◆ **Records supplied**
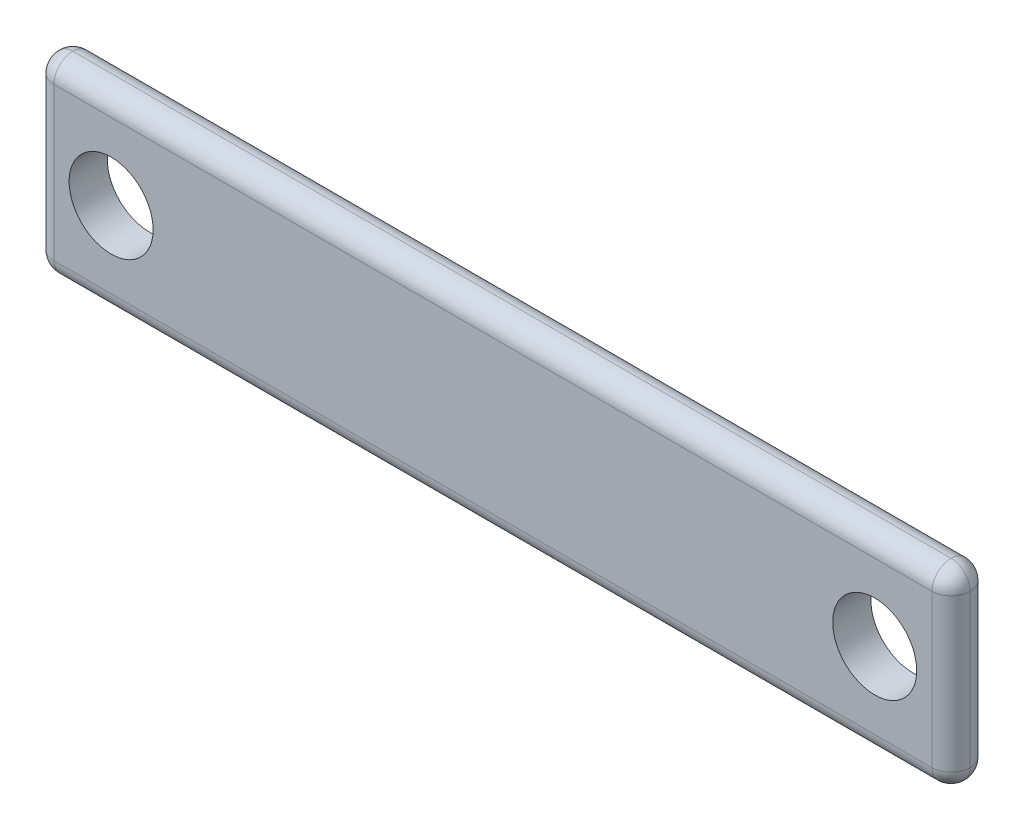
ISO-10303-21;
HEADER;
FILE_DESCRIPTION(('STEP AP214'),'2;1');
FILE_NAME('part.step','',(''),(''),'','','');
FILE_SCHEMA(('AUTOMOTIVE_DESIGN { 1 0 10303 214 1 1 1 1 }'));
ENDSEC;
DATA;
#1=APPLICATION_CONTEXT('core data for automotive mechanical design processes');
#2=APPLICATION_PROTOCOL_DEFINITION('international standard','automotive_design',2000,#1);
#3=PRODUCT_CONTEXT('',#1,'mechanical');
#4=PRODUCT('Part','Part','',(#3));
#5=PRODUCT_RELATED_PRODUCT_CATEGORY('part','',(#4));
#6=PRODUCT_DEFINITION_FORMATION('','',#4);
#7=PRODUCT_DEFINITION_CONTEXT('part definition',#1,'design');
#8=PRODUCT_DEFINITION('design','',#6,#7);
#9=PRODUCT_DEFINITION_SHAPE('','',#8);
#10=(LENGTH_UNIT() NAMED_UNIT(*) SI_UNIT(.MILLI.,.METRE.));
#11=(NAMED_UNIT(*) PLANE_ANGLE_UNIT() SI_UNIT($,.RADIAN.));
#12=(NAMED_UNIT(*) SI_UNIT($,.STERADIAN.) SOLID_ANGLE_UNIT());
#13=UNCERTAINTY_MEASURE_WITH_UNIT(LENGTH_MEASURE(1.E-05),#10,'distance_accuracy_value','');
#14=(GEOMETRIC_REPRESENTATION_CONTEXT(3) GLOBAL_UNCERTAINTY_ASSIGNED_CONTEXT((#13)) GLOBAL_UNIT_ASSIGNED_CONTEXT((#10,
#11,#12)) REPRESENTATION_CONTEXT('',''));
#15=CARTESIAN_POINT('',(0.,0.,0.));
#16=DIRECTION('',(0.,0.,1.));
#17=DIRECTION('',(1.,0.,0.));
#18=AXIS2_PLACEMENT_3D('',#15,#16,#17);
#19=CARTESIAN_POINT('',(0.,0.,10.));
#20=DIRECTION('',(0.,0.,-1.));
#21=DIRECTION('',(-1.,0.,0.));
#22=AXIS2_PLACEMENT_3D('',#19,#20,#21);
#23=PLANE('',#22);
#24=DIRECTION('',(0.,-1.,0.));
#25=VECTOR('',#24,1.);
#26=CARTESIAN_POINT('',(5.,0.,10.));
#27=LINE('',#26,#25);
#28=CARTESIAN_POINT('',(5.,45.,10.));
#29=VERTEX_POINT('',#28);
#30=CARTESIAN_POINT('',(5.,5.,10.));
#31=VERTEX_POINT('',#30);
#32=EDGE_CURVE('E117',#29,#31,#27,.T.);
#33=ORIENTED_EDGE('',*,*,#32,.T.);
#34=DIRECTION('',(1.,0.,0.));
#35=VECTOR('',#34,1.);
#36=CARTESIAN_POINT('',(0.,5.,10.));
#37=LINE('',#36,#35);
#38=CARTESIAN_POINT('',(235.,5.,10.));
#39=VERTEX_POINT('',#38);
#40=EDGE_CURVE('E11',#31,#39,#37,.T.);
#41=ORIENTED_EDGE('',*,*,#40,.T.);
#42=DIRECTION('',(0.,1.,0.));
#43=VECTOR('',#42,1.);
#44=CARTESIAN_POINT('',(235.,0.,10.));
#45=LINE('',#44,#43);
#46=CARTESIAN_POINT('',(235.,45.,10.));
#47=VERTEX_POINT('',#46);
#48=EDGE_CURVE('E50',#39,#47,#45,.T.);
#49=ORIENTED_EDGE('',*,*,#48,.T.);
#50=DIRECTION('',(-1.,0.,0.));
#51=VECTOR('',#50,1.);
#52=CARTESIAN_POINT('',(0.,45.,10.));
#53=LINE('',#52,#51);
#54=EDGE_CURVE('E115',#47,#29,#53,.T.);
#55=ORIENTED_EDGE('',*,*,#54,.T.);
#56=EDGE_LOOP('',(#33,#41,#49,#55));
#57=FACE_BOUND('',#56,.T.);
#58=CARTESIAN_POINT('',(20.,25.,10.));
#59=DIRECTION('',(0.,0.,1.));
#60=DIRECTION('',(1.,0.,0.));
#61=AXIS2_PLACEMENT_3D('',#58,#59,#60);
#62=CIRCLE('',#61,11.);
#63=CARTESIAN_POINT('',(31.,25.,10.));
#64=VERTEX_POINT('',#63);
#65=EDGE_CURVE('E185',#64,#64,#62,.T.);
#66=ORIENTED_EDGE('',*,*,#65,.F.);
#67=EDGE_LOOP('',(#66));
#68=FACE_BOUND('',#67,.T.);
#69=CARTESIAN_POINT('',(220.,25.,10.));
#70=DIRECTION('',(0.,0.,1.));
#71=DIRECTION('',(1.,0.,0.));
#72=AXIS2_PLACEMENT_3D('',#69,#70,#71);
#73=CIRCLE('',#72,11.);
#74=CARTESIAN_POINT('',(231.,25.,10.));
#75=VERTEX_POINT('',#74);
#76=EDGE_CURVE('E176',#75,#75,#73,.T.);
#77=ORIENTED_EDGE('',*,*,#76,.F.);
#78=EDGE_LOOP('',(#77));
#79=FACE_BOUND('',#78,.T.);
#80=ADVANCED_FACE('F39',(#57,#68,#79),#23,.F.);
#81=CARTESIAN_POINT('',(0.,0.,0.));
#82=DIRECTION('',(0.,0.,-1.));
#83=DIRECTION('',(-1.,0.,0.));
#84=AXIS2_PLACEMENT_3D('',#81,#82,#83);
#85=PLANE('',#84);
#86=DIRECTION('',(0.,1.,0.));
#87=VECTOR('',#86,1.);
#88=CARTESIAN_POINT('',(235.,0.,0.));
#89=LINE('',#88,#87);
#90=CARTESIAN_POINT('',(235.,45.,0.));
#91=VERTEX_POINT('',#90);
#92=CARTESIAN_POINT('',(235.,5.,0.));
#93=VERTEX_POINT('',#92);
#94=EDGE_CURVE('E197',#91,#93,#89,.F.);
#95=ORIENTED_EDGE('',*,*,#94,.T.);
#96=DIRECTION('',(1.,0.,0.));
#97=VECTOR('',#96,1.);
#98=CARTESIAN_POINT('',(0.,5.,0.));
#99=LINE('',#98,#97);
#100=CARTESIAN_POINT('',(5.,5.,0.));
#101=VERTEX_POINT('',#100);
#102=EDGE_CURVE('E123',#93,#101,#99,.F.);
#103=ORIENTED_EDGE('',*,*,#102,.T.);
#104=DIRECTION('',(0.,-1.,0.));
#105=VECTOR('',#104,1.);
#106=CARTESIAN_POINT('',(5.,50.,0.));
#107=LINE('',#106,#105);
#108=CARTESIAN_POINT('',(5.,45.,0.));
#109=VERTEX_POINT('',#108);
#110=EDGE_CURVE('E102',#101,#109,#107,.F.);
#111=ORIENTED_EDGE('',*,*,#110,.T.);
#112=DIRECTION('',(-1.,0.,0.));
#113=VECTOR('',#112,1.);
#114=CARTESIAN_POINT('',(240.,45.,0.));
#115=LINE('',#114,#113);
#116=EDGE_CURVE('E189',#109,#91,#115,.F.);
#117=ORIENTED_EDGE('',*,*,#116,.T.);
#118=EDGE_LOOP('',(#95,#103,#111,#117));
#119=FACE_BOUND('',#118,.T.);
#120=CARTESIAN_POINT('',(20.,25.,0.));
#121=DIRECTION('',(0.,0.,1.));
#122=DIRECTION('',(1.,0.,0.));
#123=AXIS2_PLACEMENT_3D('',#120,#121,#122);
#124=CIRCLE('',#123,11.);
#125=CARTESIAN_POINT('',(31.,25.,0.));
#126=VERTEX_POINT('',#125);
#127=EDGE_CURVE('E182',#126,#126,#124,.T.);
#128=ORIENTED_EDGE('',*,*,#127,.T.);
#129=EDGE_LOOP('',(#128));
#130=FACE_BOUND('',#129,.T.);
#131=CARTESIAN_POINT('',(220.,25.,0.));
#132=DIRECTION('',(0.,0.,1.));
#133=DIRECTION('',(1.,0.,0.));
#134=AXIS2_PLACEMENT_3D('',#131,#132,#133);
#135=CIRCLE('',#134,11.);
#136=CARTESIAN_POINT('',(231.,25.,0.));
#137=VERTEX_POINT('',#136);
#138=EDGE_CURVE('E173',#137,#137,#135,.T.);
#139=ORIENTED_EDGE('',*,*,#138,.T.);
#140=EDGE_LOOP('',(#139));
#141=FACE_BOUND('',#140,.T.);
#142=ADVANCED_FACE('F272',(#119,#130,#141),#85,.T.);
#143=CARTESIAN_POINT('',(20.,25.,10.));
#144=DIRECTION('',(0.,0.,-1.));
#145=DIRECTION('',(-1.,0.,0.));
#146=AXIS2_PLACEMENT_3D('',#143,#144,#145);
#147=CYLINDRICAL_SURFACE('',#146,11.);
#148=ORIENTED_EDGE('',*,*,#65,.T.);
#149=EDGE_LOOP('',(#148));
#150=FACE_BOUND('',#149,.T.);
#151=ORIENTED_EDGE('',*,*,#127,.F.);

◆ **Problem details**
Set out exactly, and only, the lines between the first line of the listing and the line containing "#17=DIRECTION('',(1.,0.,0.));", counting both, while leaving every picture out.

◆ **Answer for the task**
ISO-10303-21;
HEADER;
FILE_DESCRIPTION(('STEP AP214'),'2;1');
FILE_NAME('part.step','',(''),(''),'','','');
FILE_SCHEMA(('AUTOMOTIVE_DESIGN { 1 0 10303 214 1 1 1 1 }'));
ENDSEC;
DATA;
#1=APPLICATION_CONTEXT('core data for automotive mechanical design processes');
#2=APPLICATION_PROTOCOL_DEFINITION('international standard','automotive_design',2000,#1);
#3=PRODUCT_CONTEXT('',#1,'mechanical');
#4=PRODUCT('Part','Part','',(#3));
#5=PRODUCT_RELATED_PRODUCT_CATEGORY('part','',(#4));
#6=PRODUCT_DEFINITION_FORMATION('','',#4);
#7=PRODUCT_DEFINITION_CONTEXT('part definition',#1,'design');
#8=PRODUCT_DEFINITION('design','',#6,#7);
#9=PRODUCT_DEFINITION_SHAPE('','',#8);
#10=(LENGTH_UNIT() NAMED_UNIT(*) SI_UNIT(.MILLI.,.METRE.));
#11=(NAMED_UNIT(*) PLANE_ANGLE_UNIT() SI_UNIT($,.RADIAN.));
#12=(NAMED_UNIT(*) SI_UNIT($,.STERADIAN.) SOLID_ANGLE_UNIT());
#13=UNCERTAINTY_MEASURE_WITH_UNIT(LENGTH_MEASURE(1.E-05),#10,'distance_accuracy_value','');
#14=(GEOMETRIC_REPRESENTATION_CONTEXT(3) GLOBAL_UNCERTAINTY_ASSIGNED_CONTEXT((#13)) GLOBAL_UNIT_ASSIGNED_CONTEXT((#10,
#11,#12)) REPRESENTATION_CONTEXT('',''));
#15=CARTESIAN_POINT('',(0.,0.,0.));
#16=DIRECTION('',(0.,0.,1.));
#17=DIRECTION('',(1.,0.,0.));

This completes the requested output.